Am nächsten Morgen regnet es, wir lassen uns Zeit mit dem Frühstück. Als wir so ziemlich als die Letzten in den Schuhraum kommen, müssen wir feststellen, dass die Schuhe unseres ältesten Sohnes nicht da sind. Auch im Nebenraum bei den Eispickeln & Steigeisen nicht, auch nicht wo anders hingestellt, einfach weg. Hmmm. Mir fällt die Geschichte des Bergsteigers ein, der am Mont Blanc mit dem Heli ausgeflogen werden musste, weil jemand seine neuen Schuhe geklaut hatte und er schlecht in Socken über den Gletscher laufen konnte... Ich sage dem Wirt Bescheid, ratlos stehen wir vor einem Paar Schuhe, die so ähnlich aussehen wie die unseres Sohnes, allerdings orange statt rot und anderthalb Nummern kleiner. Nach einer Weile kommt der Hüttenwirt mit ein Paar Koflach Hartschalen-Plastikschuhen in der Hand, wie ich sie selbst in den 1980er-Jahren auch hatte. Die sind zwar zwei Nummern zu groß, aber besser als Hüttencrocs. Wir versprechen ihm, die Schuhe unten am Heliport abzugeben und sind froh, endlich losgehen zu können. Etwa eine Stunde lang werden wir von einem schaurigen Gewitter begleitet - Geburtstagskind, so wirst Du wenigstens nicht nass.

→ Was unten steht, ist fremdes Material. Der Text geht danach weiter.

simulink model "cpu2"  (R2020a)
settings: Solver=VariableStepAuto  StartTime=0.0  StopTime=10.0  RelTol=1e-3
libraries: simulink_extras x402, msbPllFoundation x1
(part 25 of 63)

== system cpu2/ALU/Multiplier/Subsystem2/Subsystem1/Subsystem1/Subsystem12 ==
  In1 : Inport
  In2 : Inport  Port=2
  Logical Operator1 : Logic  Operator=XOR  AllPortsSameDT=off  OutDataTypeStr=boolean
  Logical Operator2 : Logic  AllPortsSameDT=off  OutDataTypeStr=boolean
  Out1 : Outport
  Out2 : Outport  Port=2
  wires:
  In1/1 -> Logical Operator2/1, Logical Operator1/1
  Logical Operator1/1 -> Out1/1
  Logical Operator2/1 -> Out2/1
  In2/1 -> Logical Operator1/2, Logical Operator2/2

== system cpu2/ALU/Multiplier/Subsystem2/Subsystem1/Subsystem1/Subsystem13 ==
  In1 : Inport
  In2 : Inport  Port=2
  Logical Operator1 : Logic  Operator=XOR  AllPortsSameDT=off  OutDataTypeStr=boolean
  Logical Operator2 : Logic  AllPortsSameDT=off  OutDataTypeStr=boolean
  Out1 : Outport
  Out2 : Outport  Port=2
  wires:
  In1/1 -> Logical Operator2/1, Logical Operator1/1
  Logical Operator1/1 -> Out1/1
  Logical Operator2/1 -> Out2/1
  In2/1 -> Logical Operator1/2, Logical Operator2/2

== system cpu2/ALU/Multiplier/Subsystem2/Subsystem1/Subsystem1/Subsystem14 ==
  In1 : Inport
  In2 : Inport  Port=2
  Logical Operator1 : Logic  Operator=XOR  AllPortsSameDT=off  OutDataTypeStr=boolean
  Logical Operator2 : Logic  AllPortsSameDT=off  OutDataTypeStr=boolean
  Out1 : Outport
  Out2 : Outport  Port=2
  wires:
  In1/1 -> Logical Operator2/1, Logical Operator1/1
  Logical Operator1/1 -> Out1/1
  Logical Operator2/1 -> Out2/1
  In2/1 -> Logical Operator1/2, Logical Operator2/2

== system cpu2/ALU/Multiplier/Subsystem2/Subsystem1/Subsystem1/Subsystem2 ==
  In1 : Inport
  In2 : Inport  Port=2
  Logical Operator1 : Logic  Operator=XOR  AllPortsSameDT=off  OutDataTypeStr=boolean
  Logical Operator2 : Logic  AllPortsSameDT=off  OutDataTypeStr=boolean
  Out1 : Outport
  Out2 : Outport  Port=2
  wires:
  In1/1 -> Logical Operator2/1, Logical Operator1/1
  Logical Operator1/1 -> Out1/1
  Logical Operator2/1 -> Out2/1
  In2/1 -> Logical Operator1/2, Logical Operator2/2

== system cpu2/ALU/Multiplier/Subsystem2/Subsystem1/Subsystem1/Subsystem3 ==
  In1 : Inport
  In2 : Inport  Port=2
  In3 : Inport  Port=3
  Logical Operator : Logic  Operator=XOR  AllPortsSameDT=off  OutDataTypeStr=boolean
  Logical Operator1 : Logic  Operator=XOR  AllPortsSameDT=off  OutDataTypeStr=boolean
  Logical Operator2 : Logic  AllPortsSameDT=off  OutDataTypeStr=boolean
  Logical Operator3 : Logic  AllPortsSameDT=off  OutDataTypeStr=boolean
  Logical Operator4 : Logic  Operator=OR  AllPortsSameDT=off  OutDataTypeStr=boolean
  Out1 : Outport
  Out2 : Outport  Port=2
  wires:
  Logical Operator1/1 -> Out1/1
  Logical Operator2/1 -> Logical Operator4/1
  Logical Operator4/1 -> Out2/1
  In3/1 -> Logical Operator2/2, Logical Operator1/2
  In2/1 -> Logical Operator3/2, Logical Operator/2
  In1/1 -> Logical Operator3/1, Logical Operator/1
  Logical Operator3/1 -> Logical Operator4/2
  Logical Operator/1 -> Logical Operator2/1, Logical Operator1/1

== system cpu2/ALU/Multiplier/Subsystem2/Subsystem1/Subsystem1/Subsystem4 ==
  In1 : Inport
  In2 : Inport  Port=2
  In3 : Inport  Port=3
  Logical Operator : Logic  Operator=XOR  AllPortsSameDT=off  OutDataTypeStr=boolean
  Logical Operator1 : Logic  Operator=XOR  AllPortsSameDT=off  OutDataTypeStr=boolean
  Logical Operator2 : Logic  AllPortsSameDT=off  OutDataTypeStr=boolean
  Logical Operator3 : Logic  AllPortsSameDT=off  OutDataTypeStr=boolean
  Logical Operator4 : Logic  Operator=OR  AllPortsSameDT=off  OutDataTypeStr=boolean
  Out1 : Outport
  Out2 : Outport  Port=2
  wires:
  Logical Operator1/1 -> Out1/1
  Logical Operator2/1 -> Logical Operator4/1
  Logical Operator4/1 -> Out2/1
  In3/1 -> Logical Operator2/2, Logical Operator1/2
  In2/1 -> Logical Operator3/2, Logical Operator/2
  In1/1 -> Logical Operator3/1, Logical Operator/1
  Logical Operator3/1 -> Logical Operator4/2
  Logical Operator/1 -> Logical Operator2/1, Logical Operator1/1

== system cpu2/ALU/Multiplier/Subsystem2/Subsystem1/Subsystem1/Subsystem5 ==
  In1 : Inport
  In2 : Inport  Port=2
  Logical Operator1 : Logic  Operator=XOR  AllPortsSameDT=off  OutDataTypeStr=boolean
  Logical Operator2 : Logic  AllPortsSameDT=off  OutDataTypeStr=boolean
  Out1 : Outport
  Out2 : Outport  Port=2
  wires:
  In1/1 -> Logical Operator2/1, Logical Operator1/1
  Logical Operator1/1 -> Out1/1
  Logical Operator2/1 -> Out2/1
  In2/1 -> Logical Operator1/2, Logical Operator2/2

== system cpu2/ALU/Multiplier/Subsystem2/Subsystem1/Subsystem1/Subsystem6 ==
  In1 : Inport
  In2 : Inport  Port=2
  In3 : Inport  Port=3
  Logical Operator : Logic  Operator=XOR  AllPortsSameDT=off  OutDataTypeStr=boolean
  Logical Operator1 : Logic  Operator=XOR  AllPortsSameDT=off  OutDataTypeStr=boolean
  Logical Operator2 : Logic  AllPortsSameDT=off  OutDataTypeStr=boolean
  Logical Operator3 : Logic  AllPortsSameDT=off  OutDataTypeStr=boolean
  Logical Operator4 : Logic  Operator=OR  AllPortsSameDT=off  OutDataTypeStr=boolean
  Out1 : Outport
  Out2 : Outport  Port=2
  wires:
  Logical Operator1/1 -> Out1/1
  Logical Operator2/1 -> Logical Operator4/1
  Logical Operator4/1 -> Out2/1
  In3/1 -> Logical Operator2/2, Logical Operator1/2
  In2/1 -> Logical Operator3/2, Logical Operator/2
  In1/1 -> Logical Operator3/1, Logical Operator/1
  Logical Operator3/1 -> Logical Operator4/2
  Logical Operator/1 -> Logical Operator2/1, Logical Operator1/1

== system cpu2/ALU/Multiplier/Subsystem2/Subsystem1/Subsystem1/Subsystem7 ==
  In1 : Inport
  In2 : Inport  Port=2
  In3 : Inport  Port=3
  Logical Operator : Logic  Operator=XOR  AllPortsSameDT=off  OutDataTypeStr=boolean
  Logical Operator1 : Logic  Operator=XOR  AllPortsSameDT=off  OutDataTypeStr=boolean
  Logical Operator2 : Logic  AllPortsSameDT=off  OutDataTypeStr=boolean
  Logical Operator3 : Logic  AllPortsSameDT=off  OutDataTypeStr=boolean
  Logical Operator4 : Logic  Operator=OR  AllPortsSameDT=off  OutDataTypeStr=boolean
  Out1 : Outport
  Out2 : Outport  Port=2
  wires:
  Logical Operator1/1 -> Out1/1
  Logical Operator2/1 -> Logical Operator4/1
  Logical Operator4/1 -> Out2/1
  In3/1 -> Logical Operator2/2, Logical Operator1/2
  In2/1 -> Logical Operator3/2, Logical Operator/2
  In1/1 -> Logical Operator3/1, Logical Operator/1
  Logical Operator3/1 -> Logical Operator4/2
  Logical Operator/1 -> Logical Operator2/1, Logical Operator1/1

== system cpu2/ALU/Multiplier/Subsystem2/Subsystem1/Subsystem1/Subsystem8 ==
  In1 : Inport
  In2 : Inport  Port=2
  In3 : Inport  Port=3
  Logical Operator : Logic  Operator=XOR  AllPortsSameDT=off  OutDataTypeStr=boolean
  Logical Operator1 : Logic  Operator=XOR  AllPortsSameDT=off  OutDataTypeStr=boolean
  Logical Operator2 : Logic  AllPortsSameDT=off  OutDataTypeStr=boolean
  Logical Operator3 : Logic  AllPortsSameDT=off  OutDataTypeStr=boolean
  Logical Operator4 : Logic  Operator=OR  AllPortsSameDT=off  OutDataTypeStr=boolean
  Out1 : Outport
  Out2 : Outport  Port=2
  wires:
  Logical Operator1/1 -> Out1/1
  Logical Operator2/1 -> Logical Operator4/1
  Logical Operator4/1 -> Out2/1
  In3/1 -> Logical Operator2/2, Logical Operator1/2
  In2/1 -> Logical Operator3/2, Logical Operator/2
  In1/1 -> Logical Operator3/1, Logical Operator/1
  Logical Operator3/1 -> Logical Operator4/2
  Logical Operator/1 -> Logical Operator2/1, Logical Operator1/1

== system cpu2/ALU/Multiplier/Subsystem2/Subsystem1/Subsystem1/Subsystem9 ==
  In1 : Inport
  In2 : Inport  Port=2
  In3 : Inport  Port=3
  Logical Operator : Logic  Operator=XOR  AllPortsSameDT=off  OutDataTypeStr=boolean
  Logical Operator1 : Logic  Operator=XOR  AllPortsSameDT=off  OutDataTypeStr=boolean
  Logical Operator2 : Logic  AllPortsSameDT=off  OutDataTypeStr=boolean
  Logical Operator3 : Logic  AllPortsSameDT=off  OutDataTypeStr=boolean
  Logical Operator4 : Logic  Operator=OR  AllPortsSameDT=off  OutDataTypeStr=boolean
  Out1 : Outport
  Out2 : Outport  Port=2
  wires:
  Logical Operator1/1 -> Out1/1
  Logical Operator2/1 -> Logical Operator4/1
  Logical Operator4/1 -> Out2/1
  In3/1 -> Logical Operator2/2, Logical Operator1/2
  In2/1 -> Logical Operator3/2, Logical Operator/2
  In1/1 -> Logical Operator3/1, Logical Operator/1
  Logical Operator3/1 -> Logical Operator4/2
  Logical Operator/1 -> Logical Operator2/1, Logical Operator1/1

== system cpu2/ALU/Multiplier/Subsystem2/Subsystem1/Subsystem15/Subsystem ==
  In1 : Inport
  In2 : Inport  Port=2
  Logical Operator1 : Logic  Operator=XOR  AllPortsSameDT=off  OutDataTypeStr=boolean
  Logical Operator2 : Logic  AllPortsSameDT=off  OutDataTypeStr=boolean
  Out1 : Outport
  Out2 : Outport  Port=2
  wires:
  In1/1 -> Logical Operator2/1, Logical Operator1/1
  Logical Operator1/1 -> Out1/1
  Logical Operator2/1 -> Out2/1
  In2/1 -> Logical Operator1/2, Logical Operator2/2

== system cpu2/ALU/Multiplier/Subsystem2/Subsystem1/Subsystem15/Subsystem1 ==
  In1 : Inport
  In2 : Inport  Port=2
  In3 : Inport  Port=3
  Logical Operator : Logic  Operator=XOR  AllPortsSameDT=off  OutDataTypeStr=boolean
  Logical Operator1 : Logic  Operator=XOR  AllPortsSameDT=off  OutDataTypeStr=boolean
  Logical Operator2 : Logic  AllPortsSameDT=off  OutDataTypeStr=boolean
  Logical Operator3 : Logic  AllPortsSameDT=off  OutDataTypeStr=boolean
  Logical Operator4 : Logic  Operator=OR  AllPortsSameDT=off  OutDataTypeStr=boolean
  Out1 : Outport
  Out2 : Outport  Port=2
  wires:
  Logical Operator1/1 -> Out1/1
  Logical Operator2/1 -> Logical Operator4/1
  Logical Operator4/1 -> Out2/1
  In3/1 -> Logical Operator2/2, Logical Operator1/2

An den Leitern holen wir eine geführte Gruppe ein. Unser mittlerer Sohn erspäht die Schuhe seines Bruders an den Füßen einer älterne Dame. Ob es denn sein könne, dass sie die falschen Schuhe anhat. Ja, das könne durchaus sein, sie hätte sich schon gewundert, warum ihre Schuhe plötzlich so bequem seien. Oberhalb der Leitern werden die Schuhe getauscht, der Führer der Gruppe telefoniert mit dem Hüttenwirt. Allerdings kommt die Schweizerin mit den Plastikschuhen nicht zurecht, immerhin sind diese dreieinhalb Nummern größer als ihre eigenen! Am Ende zieht der Führer die Plastikschuhe an und lässt seine Kundin in seinen Schuhen zurück zum Rotenboden gehen. 

Mein Mann und unsere drei Söhne traben durch den Regen vom Rotenboden zurück nach Zermatt, alle anderen fahren von dort mit der Gornergratbahn hinunter. Unten am Bahnhof erwartet uns das Geburtstagskind und ist froh, dass am Ende alle wieder heil unten sind - und sogar alle Schuhe. 

Gehzeit ab Rotenboden - Monte Rosa Hütte ca 3,5 Stunden, bis zu den Leitern T2, über den Gletscher T4, direkt unterhalb der Hütte T3.